Nintendo revived the industry in part by exerting quality control over every
game released for the NES, and this has been standard practice for console
manufacturers ever since.

------
chipsy
I've toyed with doing an "easy game maker" but have always ended up leaning
towards making high-powered "real" tools (whatever those are) instead.

My current goal is to make a game IDE that resembles a Smalltalk or perhaps
Emacs-esque system - highly reflective, image-based, extensible, but more
specifically game-focused, with the core features and main loop hardcoded, but
everything else being part of the same system.
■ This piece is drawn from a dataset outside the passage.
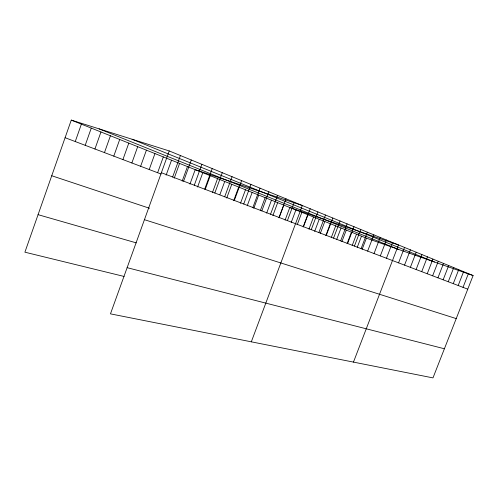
<?xml version="1.0" encoding="UTF-8"?>
<svg xmlns="http://www.w3.org/2000/svg" width="498" height="498" viewBox="0 0 498 498"><rect width="100%" height="100%" fill="white"/><g stroke="black" fill="none" stroke-linecap="round" stroke-linejoin="round"><path stroke-width="0.75" d="M169.233 150.944L110.463 313.858L432.98 377.895L473.1 275.55L169.233 150.944L71.27 120.105L24.9 252.187L124.114 276.458M75.254 141.557L81.386 124.151M85.202 145.316L91.277 128.104M94.931 149.002L100.963 131.976M104.462 152.606L110.438 135.767M113.787 156.129L119.713 139.477M122.919 159.59L128.795 143.113M131.864 162.971L137.697 146.667M140.629 166.288L146.412 150.159M149.213 169.538L154.953 153.571M157.629 172.719L163.325 156.92M166.139 175.134L171.53 160.2M172.644 176.995L180.413 155.532M174.225 178.203L179.579 163.419M182.168 181.172L187.466 166.575M183.613 181.16L191.294 159.995M189.95 184.129L195.204 169.669L302.336 205.525L251.316 341.827M194.288 185.219L201.895 164.34M197.582 187.024L202.798 172.706M204.69 189.172L212.21 168.573M205.325 189.153L210.243 175.688M212.416 192.651L217.558 178.608M214.825 193.025L222.27 172.694M219.911 194.625L224.729 181.477M224.698 196.778L232.068 176.709M226.727 198.042L231.775 184.297M233.68 200.675L238.691 187.061M234.328 200.439L241.623 180.631M240.503 203.271L245.483 189.782M243.721 204.006L250.942 184.453M247.213 205.811L252.15 192.446M252.884 207.492L260.031 188.176M253.799 208.313L258.705 195.067M260.286 210.735L265.141 197.644M261.824 210.891L268.901 191.817M266.648 213.15L271.466 200.171M270.551 214.208L277.56 195.365M272.904 215.522L277.685 202.661M279.079 217.445L286.014 198.833M279.048 217.85L283.798 205.108M285.086 220.147L289.805 207.51L398.475 244.948L353.462 362.108M287.402 220.608L294.268 202.219M291.206 222.469L295.893 209.944M297.238 224.71L301.875 212.335M303.151 226.957L307.752 214.688M303.481 226.721L310.223 208.762M308.965 229.161L313.535 216.997M311.25 229.671L317.929 211.918M314.68 231.333L319.218 219.269M318.851 232.56L325.462 215.012M320.301 233.462L324.808 221.504M325.829 235.566L330.305 223.708M326.277 235.386L332.832 218.031M331.27 237.627L335.714 225.868M333.548 238.15L340.041 220.988M336.636 239.619L341.037 227.997M340.663 240.851L347.094 223.876M341.902 241.617L346.272 230.088M347.087 243.584L351.426 232.155M347.623 243.497L353.997 226.708M352.186 245.52L356.493 234.178M354.433 246.087L360.751 229.478M357.209 247.425L361.486 236.177M361.106 248.62L367.368 232.193M362.152 249.305L366.404 238.144L473.1 275.55M367.642 251.104L373.849 234.851M374.042 253.538L380.192 237.453M380.316 255.922L386.411 239.999M386.46 258.257L392.505 242.501M398.568 262.863L404.507 247.425M404.532 265.129L410.42 249.847M410.371 267.345L416.21 252.225M416.104 269.524L421.893 254.553M421.719 271.659L427.458 256.837M427.228 273.757L432.924 259.072M432.631 275.811L438.277 261.269M437.935 277.822L443.537 263.423M443.139 279.801L448.692 265.54M448.25 281.744L453.759 267.619M453.261 283.648L458.726 269.655M458.185 285.516L463.607 271.653M463.016 287.358L468.394 273.62M127.127 267.675L444.397 348.768M38.072 214.669L136.234 242.862M144.439 219.686L456.224 318.602M51.736 175.744L149.493 208.264M65.095 137.709L161.066 174.02M161.383 172.713L467.765 289.157M71.27 120.105L366.404 238.144M99.121 128.87L398.363 249.349M132.082 139.247L434.48 262.01"/></g></svg>

The current state of the art in
these tools(Game Maker, Unity, UDK) tends to stop just a little bit short of
this "build tool and game very closely together" idea, but the way I see it,
that's nearly the last major win for iteration times, within our current
understanding of the development proces.

------
kylecordes
I've been tinkering with Corona <http://www.anscamobile.com/> which is not
point-clicky like Gamesalad, but rather a framework/mechanism for implementing
apps/games on mobile devices in Lua, with various support for physics and so
on in the box. I think the idea is to be somewhere between Gamesalad and
Objective C, in terms of:

* effort * amount of code you need to write * flexibility

I've no idea if it's actually good; I've just been tinkering. But it seems
worth a look.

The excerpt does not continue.